| Source information |

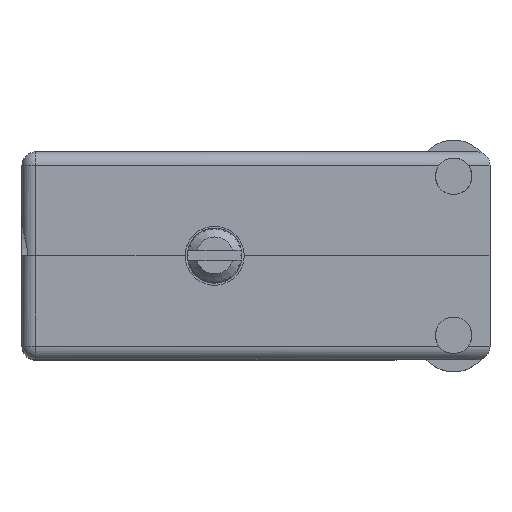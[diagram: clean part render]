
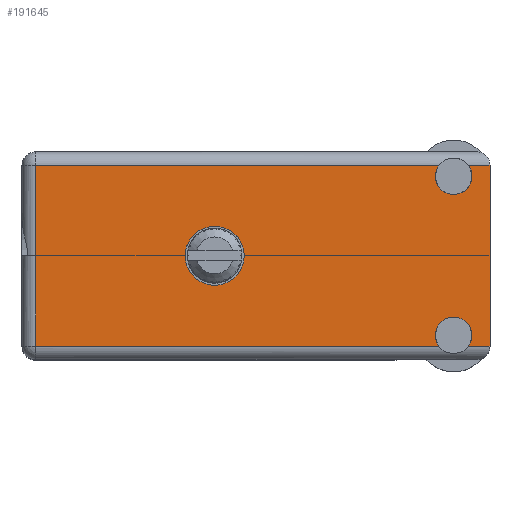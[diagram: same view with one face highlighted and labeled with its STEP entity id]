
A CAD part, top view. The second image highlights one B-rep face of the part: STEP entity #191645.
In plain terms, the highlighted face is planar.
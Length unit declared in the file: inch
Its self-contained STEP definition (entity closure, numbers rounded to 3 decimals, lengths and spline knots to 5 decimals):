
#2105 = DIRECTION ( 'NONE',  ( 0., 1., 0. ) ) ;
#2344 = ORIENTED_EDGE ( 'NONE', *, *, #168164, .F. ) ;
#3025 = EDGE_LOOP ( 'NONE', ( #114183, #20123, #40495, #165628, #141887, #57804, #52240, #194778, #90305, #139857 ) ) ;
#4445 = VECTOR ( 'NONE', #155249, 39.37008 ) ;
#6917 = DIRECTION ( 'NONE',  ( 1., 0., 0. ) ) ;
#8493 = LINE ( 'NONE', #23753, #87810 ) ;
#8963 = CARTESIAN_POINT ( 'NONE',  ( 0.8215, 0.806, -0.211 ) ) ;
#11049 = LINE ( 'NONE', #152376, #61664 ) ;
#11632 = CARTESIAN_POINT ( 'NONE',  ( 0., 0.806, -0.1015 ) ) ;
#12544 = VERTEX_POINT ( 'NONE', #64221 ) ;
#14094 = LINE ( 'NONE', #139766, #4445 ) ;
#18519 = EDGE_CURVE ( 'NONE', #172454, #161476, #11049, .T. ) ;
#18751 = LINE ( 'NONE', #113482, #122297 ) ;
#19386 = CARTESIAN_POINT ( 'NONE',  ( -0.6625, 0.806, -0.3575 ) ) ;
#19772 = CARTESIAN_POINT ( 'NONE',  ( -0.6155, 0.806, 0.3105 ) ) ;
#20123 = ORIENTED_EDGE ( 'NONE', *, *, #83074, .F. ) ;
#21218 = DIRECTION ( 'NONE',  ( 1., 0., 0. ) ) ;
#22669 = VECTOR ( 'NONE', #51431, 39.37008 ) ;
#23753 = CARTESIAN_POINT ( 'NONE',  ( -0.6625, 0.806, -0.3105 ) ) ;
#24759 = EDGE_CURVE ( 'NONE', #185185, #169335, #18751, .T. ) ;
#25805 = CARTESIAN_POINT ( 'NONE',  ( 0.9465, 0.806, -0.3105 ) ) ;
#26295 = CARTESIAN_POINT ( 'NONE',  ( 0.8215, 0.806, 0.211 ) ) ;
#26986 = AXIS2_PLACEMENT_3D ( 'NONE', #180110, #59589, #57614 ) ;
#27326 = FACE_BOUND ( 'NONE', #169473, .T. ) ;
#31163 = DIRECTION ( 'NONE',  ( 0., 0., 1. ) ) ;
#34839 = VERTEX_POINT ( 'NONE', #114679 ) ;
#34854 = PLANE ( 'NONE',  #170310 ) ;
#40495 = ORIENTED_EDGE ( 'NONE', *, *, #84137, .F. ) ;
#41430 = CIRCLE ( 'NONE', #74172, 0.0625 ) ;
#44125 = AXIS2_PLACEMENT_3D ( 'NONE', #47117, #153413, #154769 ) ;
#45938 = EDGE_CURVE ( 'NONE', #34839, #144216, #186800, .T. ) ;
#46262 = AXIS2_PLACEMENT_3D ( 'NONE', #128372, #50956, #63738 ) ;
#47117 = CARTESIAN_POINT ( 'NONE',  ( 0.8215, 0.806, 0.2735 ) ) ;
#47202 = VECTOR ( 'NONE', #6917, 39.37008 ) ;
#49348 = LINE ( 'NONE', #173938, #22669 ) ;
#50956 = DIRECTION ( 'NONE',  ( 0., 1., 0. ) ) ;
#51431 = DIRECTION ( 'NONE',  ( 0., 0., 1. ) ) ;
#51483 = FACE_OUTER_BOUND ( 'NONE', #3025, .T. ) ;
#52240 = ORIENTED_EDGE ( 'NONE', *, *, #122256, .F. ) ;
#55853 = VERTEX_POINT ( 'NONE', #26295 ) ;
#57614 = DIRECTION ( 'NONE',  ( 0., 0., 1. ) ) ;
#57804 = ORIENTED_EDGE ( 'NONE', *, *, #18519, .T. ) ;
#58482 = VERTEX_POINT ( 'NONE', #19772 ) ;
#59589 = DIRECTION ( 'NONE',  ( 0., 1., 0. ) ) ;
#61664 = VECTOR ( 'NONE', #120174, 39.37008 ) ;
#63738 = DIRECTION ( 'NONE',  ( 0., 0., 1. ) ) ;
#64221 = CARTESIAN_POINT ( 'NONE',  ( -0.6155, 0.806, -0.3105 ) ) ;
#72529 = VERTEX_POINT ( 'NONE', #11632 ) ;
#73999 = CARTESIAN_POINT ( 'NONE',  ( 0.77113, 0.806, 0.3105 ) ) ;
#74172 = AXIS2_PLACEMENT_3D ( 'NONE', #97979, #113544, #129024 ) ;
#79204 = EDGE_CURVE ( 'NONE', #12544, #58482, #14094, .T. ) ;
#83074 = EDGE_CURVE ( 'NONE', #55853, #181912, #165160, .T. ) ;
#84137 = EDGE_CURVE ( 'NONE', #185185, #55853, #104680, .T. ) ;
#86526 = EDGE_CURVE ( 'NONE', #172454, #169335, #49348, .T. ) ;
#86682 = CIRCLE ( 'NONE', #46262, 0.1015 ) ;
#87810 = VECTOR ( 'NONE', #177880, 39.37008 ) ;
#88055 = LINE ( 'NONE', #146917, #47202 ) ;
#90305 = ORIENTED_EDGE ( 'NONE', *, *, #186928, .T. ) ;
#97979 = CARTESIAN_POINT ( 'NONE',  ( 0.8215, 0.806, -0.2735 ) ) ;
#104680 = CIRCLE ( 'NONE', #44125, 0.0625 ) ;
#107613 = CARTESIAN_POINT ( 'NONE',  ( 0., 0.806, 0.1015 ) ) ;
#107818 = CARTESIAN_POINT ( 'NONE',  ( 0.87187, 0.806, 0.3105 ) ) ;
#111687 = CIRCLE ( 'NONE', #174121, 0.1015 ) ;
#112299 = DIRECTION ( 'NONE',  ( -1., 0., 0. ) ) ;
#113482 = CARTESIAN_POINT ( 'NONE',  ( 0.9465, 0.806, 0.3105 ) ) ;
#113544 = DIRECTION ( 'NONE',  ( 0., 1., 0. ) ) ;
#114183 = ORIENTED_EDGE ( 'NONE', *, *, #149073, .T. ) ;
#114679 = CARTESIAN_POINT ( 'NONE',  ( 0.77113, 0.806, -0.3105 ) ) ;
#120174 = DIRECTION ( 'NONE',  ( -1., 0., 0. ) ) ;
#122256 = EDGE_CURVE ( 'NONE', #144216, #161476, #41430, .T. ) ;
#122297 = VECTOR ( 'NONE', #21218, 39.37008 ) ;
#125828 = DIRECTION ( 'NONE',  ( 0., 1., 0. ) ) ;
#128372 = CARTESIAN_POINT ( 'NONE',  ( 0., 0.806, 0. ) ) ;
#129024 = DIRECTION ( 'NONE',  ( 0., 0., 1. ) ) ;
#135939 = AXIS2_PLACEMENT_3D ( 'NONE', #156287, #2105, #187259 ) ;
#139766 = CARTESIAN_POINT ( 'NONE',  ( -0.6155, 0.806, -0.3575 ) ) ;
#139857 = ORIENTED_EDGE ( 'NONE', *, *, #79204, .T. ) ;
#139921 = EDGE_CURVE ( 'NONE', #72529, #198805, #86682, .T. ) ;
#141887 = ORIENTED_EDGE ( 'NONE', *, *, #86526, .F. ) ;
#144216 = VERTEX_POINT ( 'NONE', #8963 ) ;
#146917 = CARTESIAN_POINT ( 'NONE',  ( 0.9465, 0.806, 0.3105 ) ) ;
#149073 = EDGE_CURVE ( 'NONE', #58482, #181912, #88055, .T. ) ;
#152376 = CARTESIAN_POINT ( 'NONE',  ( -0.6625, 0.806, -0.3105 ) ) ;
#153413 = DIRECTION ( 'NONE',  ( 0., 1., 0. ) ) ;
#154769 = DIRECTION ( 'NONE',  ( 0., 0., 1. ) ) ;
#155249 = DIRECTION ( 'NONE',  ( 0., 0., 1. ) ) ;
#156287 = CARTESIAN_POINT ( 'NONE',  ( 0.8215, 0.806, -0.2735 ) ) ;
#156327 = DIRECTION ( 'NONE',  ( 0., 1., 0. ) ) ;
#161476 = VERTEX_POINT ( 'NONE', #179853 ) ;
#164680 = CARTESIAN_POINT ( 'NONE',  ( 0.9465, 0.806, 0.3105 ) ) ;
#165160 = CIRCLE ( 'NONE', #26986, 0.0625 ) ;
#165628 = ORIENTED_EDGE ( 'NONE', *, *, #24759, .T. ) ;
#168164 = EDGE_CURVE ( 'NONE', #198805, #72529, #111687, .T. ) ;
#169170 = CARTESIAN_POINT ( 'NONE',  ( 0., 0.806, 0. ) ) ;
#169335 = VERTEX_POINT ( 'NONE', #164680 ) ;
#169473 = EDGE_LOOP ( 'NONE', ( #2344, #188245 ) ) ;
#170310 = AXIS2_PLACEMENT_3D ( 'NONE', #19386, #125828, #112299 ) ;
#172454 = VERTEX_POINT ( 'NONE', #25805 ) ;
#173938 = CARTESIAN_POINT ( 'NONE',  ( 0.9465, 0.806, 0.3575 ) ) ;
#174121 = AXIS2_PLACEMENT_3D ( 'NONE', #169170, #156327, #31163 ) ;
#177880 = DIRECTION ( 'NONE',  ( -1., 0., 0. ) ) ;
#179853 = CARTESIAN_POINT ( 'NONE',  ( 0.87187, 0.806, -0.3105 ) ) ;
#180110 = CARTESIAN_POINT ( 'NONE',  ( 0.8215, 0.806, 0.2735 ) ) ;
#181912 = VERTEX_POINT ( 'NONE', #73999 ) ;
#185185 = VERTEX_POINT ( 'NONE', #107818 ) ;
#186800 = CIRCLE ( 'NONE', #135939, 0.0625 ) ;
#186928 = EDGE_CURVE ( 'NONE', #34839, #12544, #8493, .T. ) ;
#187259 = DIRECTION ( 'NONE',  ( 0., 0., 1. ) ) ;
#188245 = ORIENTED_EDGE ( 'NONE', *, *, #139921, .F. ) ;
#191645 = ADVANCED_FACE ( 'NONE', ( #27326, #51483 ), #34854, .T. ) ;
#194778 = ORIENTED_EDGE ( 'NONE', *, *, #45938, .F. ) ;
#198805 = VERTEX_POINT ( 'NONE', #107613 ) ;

| The task |
Copy every line of the material above in which the word "VECTOR" appears.

| Solution for this problem |
#4445 = VECTOR ( 'NONE', #155249, 39.37008 ) ;
#22669 = VECTOR ( 'NONE', #51431, 39.37008 ) ;
#47202 = VECTOR ( 'NONE', #6917, 39.37008 ) ;
#61664 = VECTOR ( 'NONE', #120174, 39.37008 ) ;
#87810 = VECTOR ( 'NONE', #177880, 39.37008 ) ;
#122297 = VECTOR ( 'NONE', #21218, 39.37008 ) ;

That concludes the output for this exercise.